The Beauty of Imperfection

Pedestrian Subway Entrance - Bangalore, India

Pedestrian Subway Entrance – Bangalore, India

My photography friends have commented how my photos tend to be precise and sharp. And, while I don’t think of my photos in that way, I guess enough people have said the same thing that there must be something to it. I suppose I do like a sense of orderliness and balance, even when taking pictures of messy street scenes. I generally like my buildings straight and I try to remove extraneous details. On the other hand, an inexplicable and messy snapshot can work too. That’s what I think of today’s photo.

The off kilter building, the flare and the imprecise snapshot feel is what I like. The image is neither precise or sharp. I has a Rain Man kinda feel, I think. My next frame is actually cleaner and without the flare, but lacks emotion. Imperfection can be beautiful.

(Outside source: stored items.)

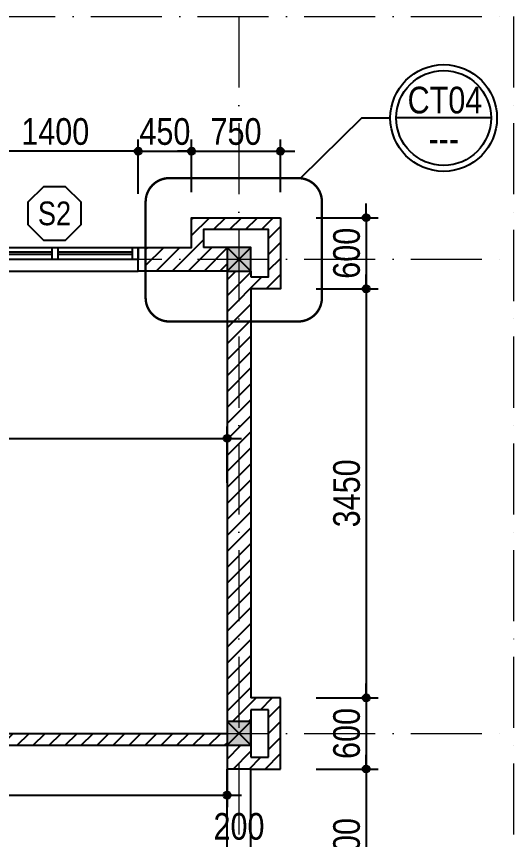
# Model space of a CAD drawing. Extents: x -1107188 to -523840, y 39692 to 514392.
# Drawn here: x -1069497 to -1065304, y 477881 to 484823 of the extents above; entities that cross this region are included whole.
import ezdxf
from ezdxf.enums import TextEntityAlignment as Align

# ---------------------------------------------------------------- set-up
doc = ezdxf.new("R2010")
doc.units = 0
doc.linetypes.add('ACAD_ISO10W100', pattern=[18, 12, -3, 0, -3])
doc.linetypes.add('DASHED2', pattern=[0.375, 0.25, -0.125])
doc.layers.get('DEFPOINTS').update_dxf_attribs({"linetype": 'CONTINUOUS'})
for name, color, linetype in [('009', 251, 'CONTINUOUS'), ('daucat', 220, 'CONTINUOUS'), ('DIM', 1, 'CONTINUOUS'), ('DOOR', 20, 'CONTINUOUS'), ('MEDIUM', 2, 'CONTINUOUS'), ('TAGS', 60, 'CONTINUOUS'), ('TEXT', 7, 'CONTINUOUS'), ('TUONG', 131, 'CONTINUOUS'), ('WALL', 4, 'CONTINUOUS')]:
    doc.layers.add(name, color=color, linetype=linetype)
doc.layers.add('TRUC', color=24, linetype='CONTINUOUS', lineweight=0)
doc.styles.add('HEL-CONDENSE', font='')
doc.styles.add('VNI-HELVE-CONDENSEN', font='')
doc.styles.get('HEL-CONDENSE').set_extended_font_data('VNI-Helve-Condense')
doc.styles.get('VNI-HELVE-CONDENSEN').set_extended_font_data('VNI-Helve-Condense')
doc.dimstyles.new('D100', dxfattribs={"dimtxt": 225, "dimasz": 1.2, "dimexe": 100, "dimexo": 0, "dimgap": 50, "dimtad": 1, "dimdec": 0, "dimzin": 13, "dimdsep": 46, "dimtxsty": 'HEL-CONDENSE', "dimblk": 'D50', "dimcen": 0, "dimclrd": 1, "dimclre": 1, "dimclrt": 7, "dimadec": 0, "dimazin": 0, "dimtfac": 1, "dimtdec": 0, "dimtmove": 0, "dimatfit": 3, "dimldrblk": 'D50', "dimfxl": 1, "dimtolj": 1, "dimtzin": 13, "dimarcsym": 0})
pattern_1 = [(45, (-2399621.04, 99015.24), (-67.351921, 67.351921), [])]

# ---------------------------------------------------------------- blocks, each defined once
blk = doc.blocks.new('s11')
at = {"layer": 'DOOR'}
for p, q in [((0, 0), (0, -100)), ((1400, 0), (0, 0)), ((50, 0), (50, -100)), ((1350, 0), (1350, -100)), ((1400, 0), (1400, -100)), ((1400, -100), (0, -100))]:
    blk.add_line(p, q, dxfattribs=at)
at = {"layer": 'DOOR', "linetype": 'ByBlock', "lineweight": -2}
for p, q in [((675, -100), (675, 0)), ((725, -100), (725, 0))]:
    blk.add_line(p, q, dxfattribs=at)
at = {"layer": 'DOOR', "color": 251}
for p, q in [((50, -40), (675, -40)), ((50, -60), (675, -60)), ((725, -40), (1350, -40)), ((725, -60), (1350, -60))]:
    blk.add_line(p, q, dxfattribs=at)
blk = doc.blocks.new('A$C225A2996')
at = {"layer": 'WALL'}
blk.add_hatch(color=4, dxfattribs=at).paths.add_polyline_path([(531.4, 81.6), (731.4, 81.6), (731.4, 281.6), (531.4, 281.6)])
at = {"layer": 'WALL', "color": 4}
for p, q in [((531.4, 281.6), (731.4, 81.6)), ((531.4, 81.6), (731.4, 281.6))]:
    blk.add_line(p, q, dxfattribs=at)
blk.add_lwpolyline([(531.4, 81.6), (731.4, 81.6), (731.4, 281.6), (531.4, 281.6)], close=True, dxfattribs=at)
blk = doc.blocks.new('KH-CUADI')
at = {"layer": 'TAGS'}
blk.add_lwpolyline([(-124.3, 300), (-300, 124.3), (-300, -124.3), (-124.3, -300), (124.3, -300), (300, -124.3), (300, 124.3), (124.3, 300)], close=True, dxfattribs=at)
at = {"layer": 'TAGS', "style": 'VNI-HELVE-CONDENSEN'}
blk.add_attdef('D', text='', height=300, dxfattribs=at).set_placement((0, 0), align=Align.MIDDLE)
blk = doc.blocks.new('D50')
at = {"layer": 'DIM'}
blk.add_hatch(color=256, dxfattribs=at).paths.add_polyline_path([(25, 0, 1), (-25, 0, 1)])
blk.add_line((25, 0), (100, 0), dxfattribs=at)
blk.add_circle((0, 0), 25, dxfattribs=at)
blk = doc.blocks.new('*D206')
at = {"layer": 'DEFPOINTS', "color": 0, "transparency": 16777216}
for p in [(-1068019.9, 483686.4), (-1068469.9, 483328), (-1068019.9, 483342.4)]:
    blk.add_point(p, dxfattribs=at)
at = {"layer": 'DIM', "color": 1, "lineweight": -2, "transparency": 16777216}
for p, q in [((-1068469.9, 483328), (-1068469.9, 483786.4)), ((-1068019.9, 483342.4), (-1068019.9, 483786.4)), ((-1068468.7, 483686.4), (-1068021.1, 483686.4))]:
    blk.add_line(p, q, dxfattribs=at)
at = {"layer": 'DIM', "color": 1, "lineweight": -2, "transparency": 16777216, "xscale": 1.199999999999999, "yscale": 1.199999999999999, "zscale": 1.199999999999999, "rotation": 180}
blk.add_blockref('D50', (-1068469.9, 483686.4), dxfattribs=at)
at = {"layer": 'DIM', "color": 1, "lineweight": -2, "transparency": 16777216, "xscale": 1.199999999999999, "yscale": 1.199999999999999, "zscale": 1.199999999999999}
blk.add_blockref('D50', (-1068019.9, 483686.4), dxfattribs=at)
at = {"layer": 'DIM', "color": 7, "transparency": 16777216, "insert": (-1068244.9, 483851.3), "char_height": 225, "attachment_point": 5, "style": 'HEL-CONDENSE'}
blk.add_mtext('\\A1;450', dxfattribs=at)
blk = doc.blocks.new('*D207')
at = {"layer": 'DEFPOINTS', "color": 0, "transparency": 16777216}
for p in [(-1067269.9, 483686.4), (-1068019.9, 483342.4), (-1067269.9, 483342.4)]:
    blk.add_point(p, dxfattribs=at)
at = {"layer": 'DIM', "color": 1, "lineweight": -2, "transparency": 16777216}
for p, q in [((-1068019.9, 483342.4), (-1068019.9, 483786.4)), ((-1067269.9, 483342.4), (-1067269.9, 483786.4)), ((-1068018.7, 483686.4), (-1067271.1, 483686.4))]:
    blk.add_line(p, q, dxfattribs=at)
at = {"layer": 'DIM', "color": 1, "lineweight": -2, "transparency": 16777216, "xscale": 1.199999999999999, "yscale": 1.199999999999999, "zscale": 1.199999999999999, "rotation": 180}
blk.add_blockref('D50', (-1068019.9, 483686.4), dxfattribs=at)
at = {"layer": 'DIM', "color": 1, "lineweight": -2, "transparency": 16777216, "xscale": 1.199999999999999, "yscale": 1.199999999999999, "zscale": 1.199999999999999}
blk.add_blockref('D50', (-1067269.9, 483686.4), dxfattribs=at)
at = {"layer": 'DIM', "color": 7, "transparency": 16777216, "insert": (-1067644.9, 483851.3), "char_height": 225, "attachment_point": 5, "style": 'HEL-CONDENSE'}
blk.add_mtext('\\A1;750', dxfattribs=at)
blk = doc.blocks.new('*D208')
at = {"layer": 'DEFPOINTS', "color": 0, "transparency": 16777216}
for p in [(-1066969.8, 483125.8), (-1066969.8, 482525.8), (-1066546.2, 482525.8)]:
    blk.add_point(p, dxfattribs=at)
at = {"layer": 'DIM', "color": 1, "lineweight": -2, "transparency": 16777216}
for p, q in [((-1066969.8, 483125.8), (-1066446.2, 483125.8)), ((-1066546.2, 483124.6), (-1066546.2, 482527)), ((-1066969.8, 482525.8), (-1066446.2, 482525.8))]:
    blk.add_line(p, q, dxfattribs=at)
at = {"layer": 'DIM', "color": 1, "lineweight": -2, "transparency": 16777216, "xscale": 1.199999999999999, "yscale": 1.199999999999999, "zscale": 1.199999999999999}
for p, rotation in [((-1066546.2, 483125.8), 90), ((-1066546.2, 482525.8), 270)]:
    blk.add_blockref('D50', p, dxfattribs=dict(at, rotation=rotation))
at = {"layer": 'DIM', "color": 7, "transparency": 16777216, "insert": (-1066711.1, 482825.8), "char_height": 225, "attachment_point": 5, "rotation": 90, "style": 'HEL-CONDENSE'}
blk.add_mtext('\\A1;600', dxfattribs=at)
blk = doc.blocks.new('*D209')
at = {"layer": 'DEFPOINTS', "color": 0, "transparency": 16777216}
for p in [(-1066969.8, 482525.8), (-1066969.8, 479075.8), (-1066546.2, 479075.8)]:
    blk.add_point(p, dxfattribs=at)
at = {"layer": 'DIM', "color": 1, "lineweight": -2, "transparency": 16777216}
for p, q in [((-1066969.8, 482525.8), (-1066446.2, 482525.8)), ((-1066546.2, 482524.6), (-1066546.2, 479077)), ((-1066969.8, 479075.8), (-1066446.2, 479075.8))]:
    blk.add_line(p, q, dxfattribs=at)
at = {"layer": 'DIM', "color": 1, "lineweight": -2, "transparency": 16777216, "xscale": 1.199999999999999, "yscale": 1.199999999999999, "zscale": 1.199999999999999}
for p, rotation in [((-1066546.2, 482525.8), 90), ((-1066546.2, 479075.8), 270)]:
    blk.add_blockref('D50', p, dxfattribs=dict(at, rotation=rotation))
at = {"layer": 'DIM', "color": 7, "transparency": 16777216, "insert": (-1066711.1, 480800.8), "char_height": 225, "attachment_point": 5, "rotation": 90, "style": 'HEL-CONDENSE'}
blk.add_mtext('\\A1;3450', dxfattribs=at)
blk = doc.blocks.new('*D210')
at = {"layer": 'DEFPOINTS', "color": 0, "transparency": 16777216}
for p in [(-1066969.8, 479075.8), (-1066969.8, 478475.8), (-1066546.2, 478475.8)]:
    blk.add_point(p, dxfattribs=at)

I shot this with my travel zoom that has a 14-150mm focal range. Surprisingly, a number of my photos landed in the 20 to 22mm range, which gives a 40 to 44mm equivalent. While a 50mm is considered a normal focal length, my understanding is that 40 to 44mm is closer to what most people see natively.

This wonderful tower marks the entrance to a pedestrian subway that quickly took us closer the our destination, the KR Market. It’s just a tiled underground walkway that looked surprisingly like NYC subway stations, but without any trains. It allowed us to bypass a lot of the crowds.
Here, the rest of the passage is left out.